Professor Duncan acknowledged the limitation, noting that the findings were based on the amount of relevant research available during the study period, which ran from February 2024 to September 2025. She added that the research team “attempted to extract information on interview format, but this was often unclear or not reported”. The lack of data needed to compare individual instruments is itself, she said, “another sign of the need for more rigor when it comes to psychiatric diagnosis”.
Dr First also took issue with the way the study lumped together fully structured and semi-structured interviews. Fully structured interviews, he explained, are designed to be administered by people with little training, typically for epidemiological research on large populations. “Because you stick to the script and cannot deviate from it at all,” he said. “If the person says something contradictory, you’re not allowed to even point out that it’s contradictory.” This rigidity tends to produce more consistent results across repeated administrations.

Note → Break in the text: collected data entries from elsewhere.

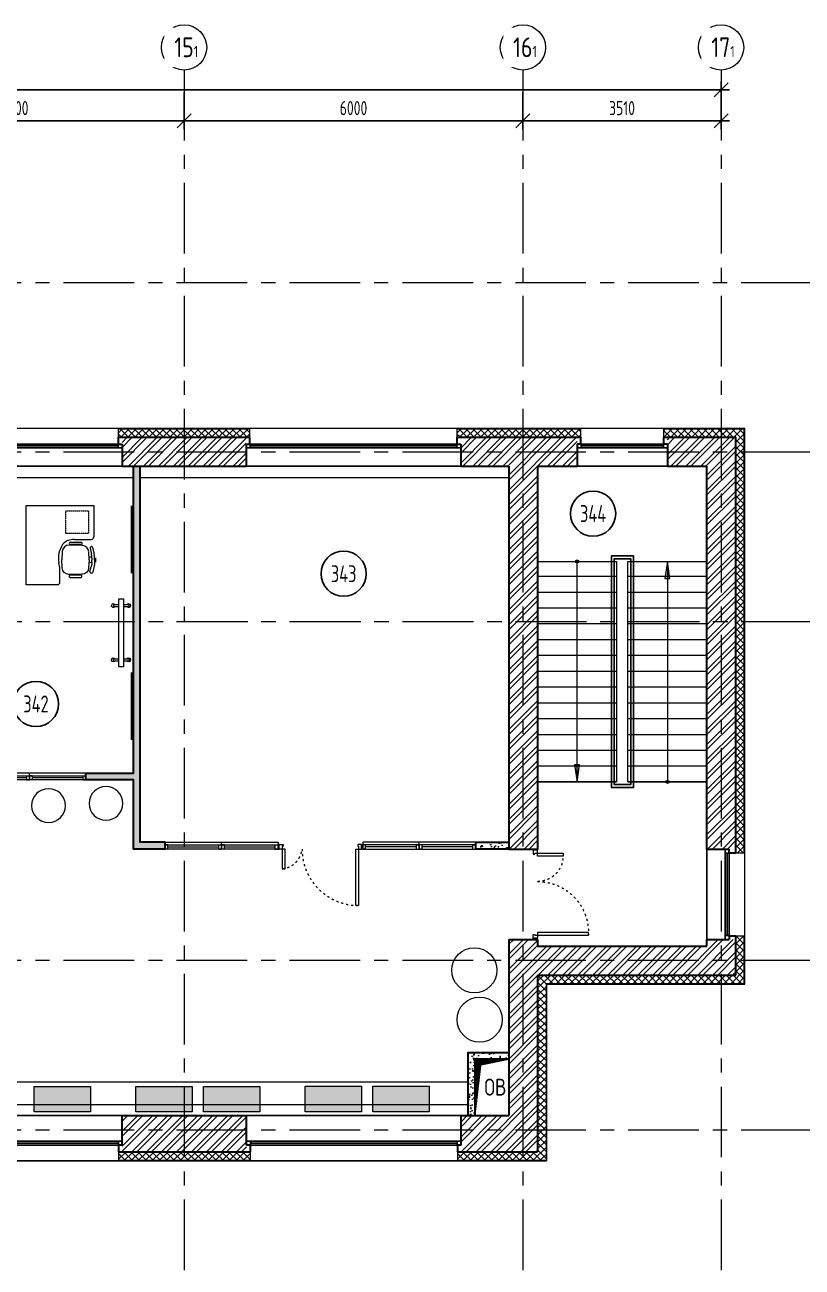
# Model space of a CAD drawing. Header units: millimetres. Extents: x -13407 to 95998, y -2611 to 109495.
# Drawn here: x 44749 to 58515, y 57962 to 79957 of the extents above; entities that cross this region are included whole.
import ezdxf
from ezdxf.enums import TextEntityAlignment as Align

# ---------------------------------------------------------------- set-up
doc = ezdxf.new("R2010")
doc.units = ezdxf.units.MM
for name, pattern in [('ACAD_ISO03W100', [30, 12, -18]), ('CENTER', [2, 1.25, -0.25, 0.25, -0.25]), ('HIDDEN', [6, 4, -2])]:
    doc.linetypes.add(name, pattern=pattern)
for name, color, linetype, lineweight in [('АР_Витраж', 4, 'Continuous', 15), ('АР_Двери', 5, 'Continuous', 18), ('АР_Лестницы', 250, 'Continuous', 15), ('АР_Лестницы ограждение', 94, 'Continuous', 25), ('АР_Маркер экспликации', 239, 'Continuous', 13), ('АР_Навесной фасад', 5, 'Continuous', 5), ('АР_Номер помещения', 1, 'Continuous', 25), ('АР_Оси', 193, 'Continuous', 9), ('АР_Оси размеры', 164, 'Continuous', 9), ('АР_Перегородки газоблок', 165, 'Continuous', 30), ('АР_Перегородки газоблок_Штрих', 165, 'Continuous', 5), ('АР_Подоконники', 163, 'Continuous', 9), ('АР_Помещения_площадь', 19, 'Continuous', 9), ('АР_Сущ Несущая стена', 202, 'Continuous', 30), ('АР_тонкая линия', 250, 'Continuous', 0), ('АР_Утеплитель', 250, 'Continuous', 9), ('АР_Штриховка кирпич', 250, 'Continuous', 9), ('Спринклеры', 7, 'Continuous', 18), ('ТХ_мебель передв', 250, 'Continuous', 13), ('ТХ_мебель_стац', 250, 'Continuous', 13)]:
    doc.layers.add(name, color=color, linetype=linetype, lineweight=lineweight)
doc.layers.add('АР_новое окно', color=160, linetype='Continuous')
doc.layers.add('АР_Отверстия', color=251, linetype='Continuous')
doc.styles.add('ICOCPEUR', font='isocpeur.ttf')
doc.styles.add('ISOCPEUR', font='isocpeur.ttf', dxfattribs={"width": 0.7})
doc.styles.get("Standard").update_dxf_attribs({"font": 'arial.ttf'})
doc.styles.add('ГОСТ 2.304', font='isocpeur.ttf', dxfattribs={"width": 0.7})
doc.dimstyles.new('СПДС', dxfattribs={"dimscale": 100, "dimtxt": 2.5, "dimasz": 2.5, "dimexe": 1.5, "dimexo": 0, "dimgap": 1, "dimtad": 1, "dimdec": 0, "dimrnd": 1, "dimtxsty": 'ГОСТ 2.304', "dimblk": 'OBLIQUE', "dimcen": 2.5, "dimdle": 1.5, "dimadec": 0, "dimazin": 2, "dimtfac": 0.75, "dimtdec": 0, "dimtmove": 1, "dimatfit": 3, "dimfxl": 1, "dimtolj": 1, "dimarcsym": 1})
pattern_1 = [(45, (-951809.71, 109221.18), (-132.58252, 132.58252), []), (45, (-951721.32, 109221.18), (-132.58252, 132.58252), [])]
pattern_2 = [(50, (-58072.46, -55205.68), (215.17805, -18.82564), [22.5, -247.5]), (355, (-58072.46, -55205.68), (-41.6254, 225.65764), [18, -198]), (100.45144, (-58054.53, -55207.25), (173.55265, 206.832), [19.12206, -210.34263]), (46.1842, (-58072.46, -55145.68), (320.1724, -49.6558), [33.75, -371.25]), (96.63564, (-58045.78, -55149.82), (280.3986, 292.2356), [28.6831, -315.5141]), (351.18416, (-58072.46, -55145.68), (280.3986, 292.2356), [27, -297]), (21, (-58042.46, -55160.68), (179.07212, -120.78567), [22.5, -247.5]), (326, (-58042.46, -55160.68), (72.9946, 217.545), [18, -198]), (71.45144, (-58027.54, -55170.75), (252.06671, 96.75935), [19.12206, -210.34263]), (37.5, (-58072.46, -55205.68), (3.647957, 99.868156), [0, -195.6, 0, -201, 0, -198.75]), (7.5, (-58072.46, -55205.68), (78.92086, 118.323514), [0, -114.6, 0, -191.1, 0, -75.75]), (327.5, (-58139.36, -55205.68), (160.14673, -6.76646), [0, -75, 0, -234, 0, -310.5]), (317.5, (-58169.36, -55205.68), (174.95585, 30.0315), [0, -97.5, 0, -155.4, 0, -220.5])]

# ---------------------------------------------------------------- blocks, each defined once
blk = doc.blocks.new('*U208')
h = blk.add_hatch(color=253)
h.dxf.hatch_style = 1
edge = h.paths.add_edge_path()
edge.add_arc((0, 0), 27.6, 359.64, 719.64)
h = blk.add_hatch(color=253)
h.dxf.hatch_style = 1
h.paths.add_polyline_path([(3600, -44), (3600, 44), (3900, 0)])
at = {"color": 253}
blk.add_line((3900, 0), (0, 0), dxfattribs=at)
blk.add_lwpolyline([(3600, 44), (3600, -44), (3900, 0), (3600, 44)], dxfattribs=at)
blk.add_circle((0, 0), 27.6, dxfattribs=at)
blk = doc.blocks.new('*U209')
h = blk.add_hatch(color=253)
h.dxf.hatch_style = 1
edge = h.paths.add_edge_path()
edge.add_arc((0, 0), 27.6, 359.64, 719.64)
h = blk.add_hatch(color=253)
h.dxf.hatch_style = 1
h.paths.add_polyline_path([(3600, -44), (3600, 44), (3900, 0)])
at = {"color": 253}
blk.add_line((3900, 0), (0, 0), dxfattribs=at)
blk.add_lwpolyline([(3600, 44), (3600, -44), (3900, 0), (3600, 44)], dxfattribs=at)
blk.add_circle((0, 0), 27.6, dxfattribs=at)
blk = doc.blocks.new('*U10')
at = {"layer": 'АР_новое окно', "color": 253, "lineweight": 20}
for p, q in [((0, 3800), (-70, 3800)), ((0, 0), (-70, 0))]:
    blk.add_line(p, q, dxfattribs=at)
at = {"layer": 'АР_новое окно', "color": 253}
for p, q in [((-70, 3800), (-70, 0)), ((-70, 0), (-70, 3800)), ((0, 3800), (0, 0)), ((0, 3730), (-70, 3730)), ((-35, 3730), (-35, 70)), ((0, 70), (-70, 70))]:
    blk.add_line(p, q, dxfattribs=at)
blk = doc.blocks.new('*U211')
at = {"layer": 'АР_новое окно', "color": 253, "lineweight": 20}
for p, q in [((0, 1600), (-70, 1600)), ((0, 0), (-70, 0))]:
    blk.add_line(p, q, dxfattribs=at)
at = {"layer": 'АР_новое окно', "color": 253}
for p, q in [((-70, 1600), (-70, 0)), ((-70, 0), (-70, 1600)), ((0, 1600), (0, 0)), ((0, 1530), (-70, 1530)), ((-35, 1530), (-35, 70)), ((0, 70), (-70, 70))]:
    blk.add_line(p, q, dxfattribs=at)
blk = doc.blocks.new('блок новое окно')
at = {"layer": 'АР_Навесной фасад', "color": 253, "ltscale": 100}
for points in [[(65, -640), (65, -800)], [(3735, -640), (3735, -800)]]:
    blk.add_lwpolyline(points, dxfattribs=at)
at = {"layer": 'АР_новое окно', "color": 253, "ltscale": 100}
for p, q in [((3800, 0), (0, 0)), ((3735, -521), (0, -521))]:
    blk.add_line(p, q, dxfattribs=at)
blk.add_lwpolyline([(65, -800), (3735, -800)], dxfattribs=at)
at = {"layer": 'АР_Сущ Несущая стена', "color": 253, "ltscale": 100}
for p, q in [((0, -521), (0, 0)), ((3800, -521), (3800, 0)), ((65, -521), (0, -521)), ((65, -521), (65, -640)), ((3800, -521), (3735, -521)), ((3735, -521), (3735, -640))]:
    blk.add_line(p, q, dxfattribs=at)
at = {"layer": 'АР_новое окно', "color": 253, "ltscale": 100, "xscale": -1, "rotation": 90}
blk.add_blockref('*U10', (3800, -521), dxfattribs=at)
blk = doc.blocks.new('_Oblique')
at = {"color": 253, "linetype": 'ByBlock', "lineweight": -2}
blk.add_line((-0.5, -0.5), (0.5, 0.5), dxfattribs=at)
blk = doc.blocks.new('*D293')
at = {"layer": 'АР_Оси размеры', "color": 253, "lineweight": -2, "ltscale": 100, "transparency": 16777216}
for p, q in [((41570, 78830), (41570, 78108)), ((47570, 78760), (47570, 78108)), ((41420, 78258), (47720, 78258))]:
    blk.add_line(p, q, dxfattribs=at)
at = {"layer": 'АР_Оси размеры', "color": 253, "lineweight": -2, "ltscale": 100, "transparency": 16777216, "xscale": 250, "yscale": 250, "zscale": 250, "rotation": 180}
blk.add_blockref('_Oblique', (41570, 78258), dxfattribs=at)
at = {"layer": 'АР_Оси размеры', "color": 253, "lineweight": -2, "ltscale": 100, "transparency": 16777216, "xscale": 250, "yscale": 250, "zscale": 250}
blk.add_blockref('_Oblique', (47570, 78258), dxfattribs=at)
at = {"layer": 'АР_Оси размеры', "color": 253, "ltscale": 100, "transparency": 16777216, "insert": (44570, 78483), "char_height": 250, "attachment_point": 5, "style": 'ГОСТ 2.304'}
blk.add_mtext('\\A1;6000', dxfattribs=at)
blk = doc.blocks.new('*D294')
at = {"layer": 'АР_Оси размеры', "color": 253, "lineweight": -2, "ltscale": 100, "transparency": 16777216}
for p, q in [((47570, 78760), (47570, 78108)), ((53570, 78759), (53570, 78108)), ((47420, 78258), (53720, 78258))]:
    blk.add_line(p, q, dxfattribs=at)
at = {"layer": 'АР_Оси размеры', "color": 253, "lineweight": -2, "ltscale": 100, "transparency": 16777216, "xscale": 250, "yscale": 250, "zscale": 250, "rotation": 180}
blk.add_blockref('_Oblique', (47570, 78258), dxfattribs=at)
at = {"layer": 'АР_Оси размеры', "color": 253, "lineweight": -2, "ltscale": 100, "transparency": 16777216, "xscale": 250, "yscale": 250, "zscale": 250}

Semi-structured interviews, in contrast, are designed for trained clinicians. They allow the provider to “ad-lib their questions as needed”, Dr First said, meaning vague or contradictory answers can be clarified with follow-up questions. While this flexibility allows for more accurate diagnosis, it also introduces more variation between sessions. Dr First noted that fully structured interviews are therefore more likely to yield the same result when administered more than once, but the study’s grouping of both types may have obscured important differences.
Professor Duncan said that while it would be useful to address all of Dr First’s concerns, the data simply does not exist yet to compare interview formats in that level of detail.
Future directions: from categories to spectra
Both experts agreed that current diagnostic tools are far from ideal. Dr First said psychiatrists have been hoping for more objective laboratory tests for mental conditions “for 50 years”. Meanwhile, Columbia University researchers are exploring the use of machine learning and artificial intelligence to analyse electronic health records for early detection of mental illness, aiming for faster, more accurate, and equitable diagnoses. Dr First’s own lab at Columbia is specifically dedicated to developing structured interviews and assessment tools.
Professor Duncan pointed to an alternative future approach: “move away from strict diagnostic categories, where a condition is either present or absent, and think about symptoms on a spectrum or continuum”. This spectrum approach, she argued, acknowledges that mental health conditions exist on a continuum with gradations in symptom type or severity in the general population, offering a more nuanced understanding than traditional categorical diagnoses. The influence of the DSM-III revision in 1980, which unified theoretical approaches by focusing on observable signs and symptoms, set the stage for today’s structured interviews — but the limits of that framework are now becoming apparent.
The meta-analysis itself was funded by sources not disclosed in the research briefing, though two authors of one of the included studies disclosed ties to the pharmaceutical industry. The study period gathered evidence on test-retest reliability from February 2024 to September 2025.
Inconsistent diagnoses carry real consequences: over- or under-treatment, delayed care, or inappropriate interventions. The study’s authors caution against relying on a single diagnostic interview and call for improved tools and more rigorous reporting of interview format in future research.